Monday, August 26, 2013

Automation and the middle class

So David Autor and David Dorn have a piece in The New York Times this weekend about how technology is destroying middle class jobs and “polarizing” the workforce into high-wage and low-wage occupations. We’re back to my society of nurses, cooks and engineers. Nothing we haven’t talked about before, but it’s good to see the discussion taken to a wider audience.:

So computerization is not reducing the quantity of jobs, but rather degrading the quality of jobs for a significant subset of workers. Demand for highly educated workers who excel in abstract tasks is robust, but the middle of the labor market, where the routine task-intensive jobs lie, is sagging. Workers without college education therefore concentrate in manual task-intensive jobs — like food services, cleaning and security — which are numerous but offer low wages, precarious job security and few prospects for upward mobility. This bifurcation of job opportunities has contributed to the historic rise in income inequality.

How Technology Wrecks the Middle Class

This ties in nicely with David Graeber’s essay about the rise of bullshit jobs. These “bullshit jobs” are one category of jobs that we seem to be creating in spades. While these “creative managerial” types are celebrated by economists, their salaries have to come from somewhere, and most of it comes from gouging the general public, especially the costs of college and healthcare, and to some extent certain government positions, particularly at the federal level. Most of these “creative managerial” tasks that Autor and others like him describe are total bullshit: moving money around, filing unnecessary paperwork, sitting through meetings, taking clients to sporting events, convincing people to buy stuff they don’t want or need, frauds and scams; things like that.

The other note is to highlight Matt Taibbi’s latest expose summarizing the college loan ripoff being perpetrated on theAmerican public. So while we claim that “professional and managerial” occupations are the wave of the future, we charge a king’s ransom to be part of this class. We claim that college is the new high school degree, but we turn people into debt serfs to get the “work chit” of a college degree. What sense does this make?

School, health care - it seems like in America every necessary institution in the running of a modern society is swiftly transformed into some sort of massive grift for the benefit of a few insiders while society decays around them. 

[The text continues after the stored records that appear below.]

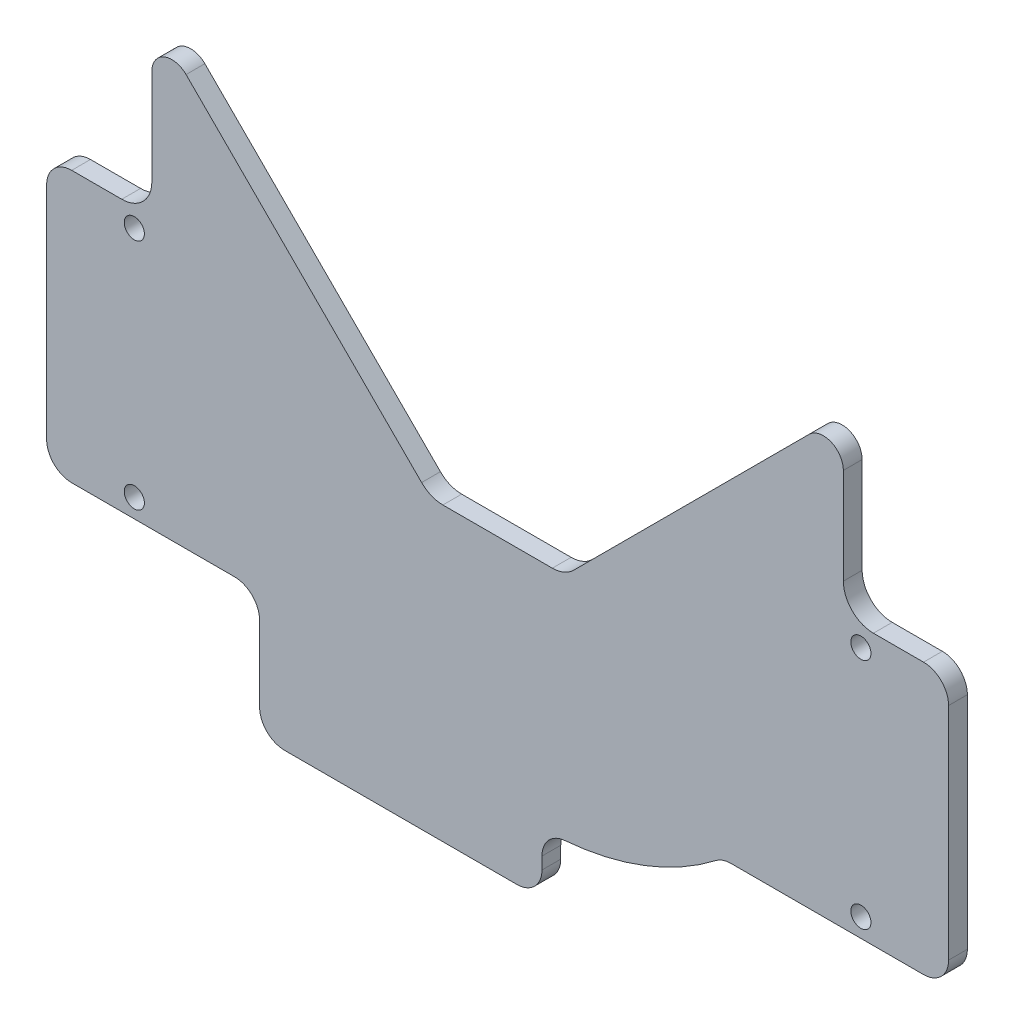
SolidWorks part; units mm, degrees
material "PET"
ref_plane "Front Plane" through (0, 0, 0) normal (0, 0, 1) x (1, 0, 0)
ref_plane "Top Plane" through (0, 0, 0) normal (0, 1, 0) x (1, 0, 0)
ref_plane "Right Plane" through (0, 0, 0) normal (1, 0, 0) x (0, 0, -1)
sketch "LayoutSke"
sketch_block_instance "Gearing 2.0-1"
sketch_block "Gearing 2.0" parameters "D5"=76.2, "D6"=25.4, "D7"=101.6, "D8"=19.05, "D1"=228.6, "D2"=123.2, "D3"=85.227, "D4"=76.454, "D9"=39.0329, "D10"=76.454, "D11"=47.625, "D12"=63.5
sketch "Sketch2" plane through (0, 0, 0) normal (0, 0, 1) x (1, 0, 0)
  line L1 (-114.3, 123.2) -> (114.3, 123.2)
  line L2 (-114.3, 123.2) -> (-114.3, -41.9)
  line L3 (-114.3, -41.9) -> (114.3, -41.9)
  line L4 (114.3, 123.2) -> (114.3, -41.9)
  dimension "D1" = 165.1
extrude "Boss-Extrude1" add sketch "Sketch2" along normal blind 4.7625
hole_wizard "1/2 (0.5) Diameter Hole1" positions "Sketch3" profile "Sketch4" hole size "1/2" standard "ANSI Inch" end condition through all
sketch "Sketch3" plane through (0, 0, 4.7625) normal (0, 0, 1) x (1, 0, 0)
  line L0 (114.3, 123.2) -> (-114.3, 123.2) construction
  point P0 (-38.227, 85.227)
  point P3 (38.227, 85.227)
  point P7 (11.2268, 45.984)
  dimension "D1" = 77.216
  dimension "D2" = 27.0002
sketch "Sketch4" plane through (-38.227, 85.227, 4.7625) normal (1, 0, 0) x (0, -1, 0)
  line L0 (0, 0) -> (0, 4.7625)
  line L1 (0, 4.7625) -> (12.7, 4.7625)
  line L2 (12.7, 4.7625) -> (12.7, 0)
  line L5 (12.7, 0) -> (0, 0)
  line L11 (0, -6.35) -> (0, 107.95) construction
  dimension "Thru Hole Dia." = 25.4
  dimension "Thru Hole Depth" = 4.7625
ref_axis "MotorShaft" through (-24.7438, -6.3341, 0) along (0, 0, 1)
ref_axis "IntermediateShaft" through (11.2395, 45.9865, 0) along (0, 0, 1)
sketch "Sketch5" plane through (0, 0, 4.7625) normal (0, 0, 1) x (1, 0, 0)
  line L0 (11.2395, 45.9865) -> (38.227, 85.227) construction
  line L10 (29.0606, 96.2614) -> (22.9081, 78.9046)
  line L11 (37.8038, 68.6601) -> (51.8105, 80.6153)
  line L12 (11.2395, 45.9865) -> (11.2395, -7.3535) construction
  arc A2 (29.0606, 96.2614) -> (51.8105, 80.6153) centre (11.2395, 45.9865) ccw
  circle A3 centre (11.2395, 45.9865) radius 50.8 construction
  arc A5 (37.8038, 68.6601) -> (22.9081, 78.9046) centre (11.2395, 45.9865) ccw
  dimension "D1" = 2.54
  dimension "D2" = 69.85
  dimension "D3" = 15
  dimension "D4" = 15
sketch "Sketch7" plane through (0, 0, 0) normal (0, 0, -1) x (-1, 0, 0)
  line L0 (-114.3, 123.2) -> (114.3, 123.2) construction
  line L1 (38.227, 85.227) -> (-38.227, 85.227) construction
  circle A0 centre (0, 180.35) radius 66.675
  point P4 (0, 123.2)
  point P6 (0, 113.675)
  dimension "D1" = 133.35
  dimension "D2" = 9.525
  dimension "D3" = 95.123
extrude "Cut-Extrude4" cut sketch "Sketch7" against normal through all
fillet "Fillet1" radius 6.35 4 edges at (-114.3, -41.9, 2.3813) (114.3, -41.9, 2.3813) (114.3, 123.2, 2.3813) (-114.3, 123.2, 2.3813)
sketch "Sketch8" plane through (0, 0, 4.7625) normal (0, 0, 1) x (1, 0, 0)
  line L0 (-107.95, -41.9) -> (107.95, -41.9) construction
  line L1 (-107.95, -41.9) -> (-60.325, -41.9)
  line L2 (-114.3, -10.15) -> (-114.3, -35.55)
  line L3 (114.3, -35.55) -> (114.3, 116.85) construction
  line L4 (-60.325, -10.15) -> (-114.3, -10.15)
  line L6 (11.2395, -41.9) -> (11.2395, -26.4035)
  line L7 (114.3, -10.15) -> (56.9451, -10.15)
  line L8 (-34.3429, 123.2) -> (-107.95, 123.2) construction
  line L9 (-114.3, 116.85) -> (-114.3, -35.55) construction
  line L11 (-60.325, -41.9) -> (-60.325, -10.15)
  line L12 (114.3, -10.15) -> (114.3, -35.55)
  line L13 (11.2395, -41.9) -> (107.95, -41.9)
  line L21 (-114.3, 59.7) -> (-95.25, 59.7) construction
  line L22 (-88.9, 66.05) -> (-88.9, 90.3562) construction
  line L23 (-78.0599, 94.8464) -> (-18.3599, 35.1464) construction
  line L24 (-13.8698, 33.2865) -> (13.8698, 33.2865) construction
  line L25 (95.25, 59.7) -> (114.3, 59.7) construction
  line L26 (88.9, 90.3562) -> (88.9, 66.05) construction
  line L27 (18.3599, 35.1464) -> (78.0599, 94.8464) construction
  line L31 (-114.3, 58.43) -> (-95.25, 58.43)
  line L32 (-87.63, 66.05) -> (-87.63, 90.3562)
  line L33 (-78.9579, 93.9484) -> (-19.2579, 34.2484)
  line L34 (-13.8698, 32.0165) -> (13.8698, 32.0165)
  line L35 (19.2579, 34.2484) -> (78.9579, 93.9484)
  line L36 (87.63, 90.3562) -> (87.63, 66.05)
  line L37 (95.25, 58.43) -> (114.3, 58.43)
  line L38 (-114.3, 58.43) -> (-114.3, 163.6461)
  line L39 (-114.3, 163.6461) -> (114.3, 163.6461)
  line L40 (114.3, 58.43) -> (114.3, 163.6461)
  arc A0 (-114.3, -35.55) -> (-107.95, -41.9) centre (-107.95, -35.55) ccw construction
  arc A1 (-114.3, -35.55) -> (-107.95, -41.9) centre (-107.95, -35.55) ccw
  arc A2 (29.0606, 96.2614) -> (51.8105, 80.6153) centre (11.2395, 45.9865) ccw construction
  arc A3 (107.95, -41.9) -> (114.3, -35.55) centre (107.95, -35.55) ccw construction
  arc A4 (107.95, -41.9) -> (114.3, -35.55) centre (107.95, -35.55) ccw
  arc A6 (11.2395, -26.4035) -> (56.9451, -10.15) centre (11.2395, 45.9865) ccw
  arc A12 (-95.25, 59.7) -> (-88.9, 66.05) centre (-95.25, 66.05) ccw construction
  arc A13 (-78.0599, 94.8464) -> (-88.9, 90.3562) centre (-82.55, 90.3562) ccw construction
  arc A14 (-18.3599, 35.1464) -> (-13.8698, 33.2865) centre (-13.8698, 39.6365) ccw construction
  arc A15 (13.8698, 33.2865) -> (18.3599, 35.1464) centre (13.8698, 39.6365) ccw construction
  arc A16 (88.9, 66.05) -> (95.25, 59.7) centre (95.25, 66.05) ccw construction
  arc A17 (88.9, 90.3562) -> (78.0599, 94.8464) centre (82.55, 90.3562) ccw construction
  arc A18 (-95.25, 58.43) -> (-87.63, 66.05) centre (-95.25, 66.05) ccw
  arc A19 (-78.9579, 93.9484) -> (-87.63, 90.3562) centre (-82.55, 90.3562) ccw
  arc A20 (-19.2579, 34.2484) -> (-13.8698, 32.0165) centre (-13.8698, 39.6365) ccw
  arc A21 (13.8698, 32.0165) -> (19.2579, 34.2484) centre (13.8698, 39.6365) ccw
  arc A22 (87.63, 90.3562) -> (78.9579, 93.9484) centre (82.55, 90.3562) ccw
  arc A23 (87.63, 66.05) -> (95.25, 58.43) centre (95.25, 66.05) ccw
  dimension "D3" = 72.39
  dimension "D1" = 133.35
  dimension "D2" = 53.975
  dimension "D4" = 103.0605
  dimension "D5" = 1.27
extrude "Cut-Extrude5" cut sketch "Sketch8" against normal through all
fillet "Fillet2" radius 6.35 9 edges at (114.3, -10.15, 2.3813) (56.9451, -10.15, 2.3813) (11.2395, -26.4035, 2.3813) (-60.325, -10.15, 2.3813) (-114.3, -10.15, 2.3813) (-60.325, -41.9, 2.3813) (11.2395, -41.9, 2.3813) (114.3, 58.43, 2.3813) (-114.3, 58.43, 2.3813)
sketch "Sketch9" plane through (0, 0, 4.7625) normal (0, 0, 1) x (1, 0, 0)
  line L0 (0, 0) -> (0, 43.6883) construction
  line L1 (-107.95, 58.43) -> (-95.25, 58.43) construction
  line L2 (-66.675, -10.15) -> (-107.95, -10.15) construction
  line L3 (-92.075, 53.6675) -> (-92.075, -5.3875) construction
  line L4 (-114.3, 52.08) -> (-114.3, -3.8) construction
  circle A0 centre (-92.075, 53.6675) radius 2.5527
  circle A1 centre (92.075, 53.6675) radius 2.5527
  circle A2 centre (92.075, -5.3875) radius 2.5527
  circle A3 centre (-92.075, -5.3875) radius 2.5527
  point P18 (0, 0)
  point P19 (0, 0)
  dimension "D1" = 4.7625
  dimension "D4" = 5.1054
  dimension "D2" = 4.7625
  dimension "D3" = 22.225
extrude "Cut-Extrude6" cut sketch "Sketch9" against normal through all

I doubt all this college has really made anyone smarter. In the past, people just read books and educated themselves. All it has led to is debt and grade inflation. Many people have noted that the average eighth grade textbook from a hundred years ago is as challenging as college material today.

Start funding college like high school (Salon)

21 statistics that will make you think twice about going to college

End U.S. Student Loans, Don’t Make Them Cheaper (Bloomberg):
The cause is more fundamental than the cycles of the economy: The country is turning out far more college graduates than jobs exist in the areas traditionally reserved for them: the managerial, technical and professional occupations.

The Bureau of Labor Statistics tells us that we now have 115,000 janitors, 83,000 bartenders, 323,000 restaurant servers, and 80,000 heavy-duty truck drivers with bachelor’s degrees -- a number exceeding that of uniformed personnel in the U.S. Army.
College Costs Surge 500% in U.S. Since 1985: Chart of the Day (Bloomberg)

Note also that productivity gains are being kept entirely by the ownership class with workers getting none of it as thisNaked Capitalism piece asserts. Again I ask –who are the real makers and who the real takers? This has little do with automation and more to do with a vast surplus of labor. The lump of labor fallacy is not a fallacy.

I’d also like to point out a simple logical fallacy in economic arguments. Economists always claim mass immigration does nothing bad to wages, because all of those immigrant workers are also consumers, so they expand the size of the overall economy, cancelling out any negative effects of labor surplus. However, economists insist that paying more wages to workers will ruin the economy, despite the fact that those same workers are also consumers. Somehow paying more in wages to people who actually work for a living won't expand the economy, unlike mass immigration. Hmmm.


  1. I really REALLY enjoy this blog. In many ways, it has helped to reshape my worldview. But I cannot help but call you out: starting a sentence with "So" is almost never OK, and yet it has become incredibly commonplace in spoken and written English, especially amongst intellectuals.

    1. True, I've gotten a little sloppy lately. But the nice thing about blogs is that it's a little less formal, so I write more conversationally than I normally would.

  2. That's another thing that impresses the hell out of me: your writing is damn near flawless. It's not just the ideas you convey, but also the quality manner in which you convey them. People think I nit-pick with this "So" business. Sorry - sincerely. Perhaps that's true. But it is like fingernails on a chalkboard to me. I cannot listen to anything on NPR any more; it has become an epidemic in places like that. (Don't get the wrong idea. I am not a Liberal. I simply like to tap in to various perspectives occasionally.) Back to "So"... if you catch it in your writing, try removing it and see if the meaning of the sentence is unchanged. It usually is. Once again, thanks for the blog.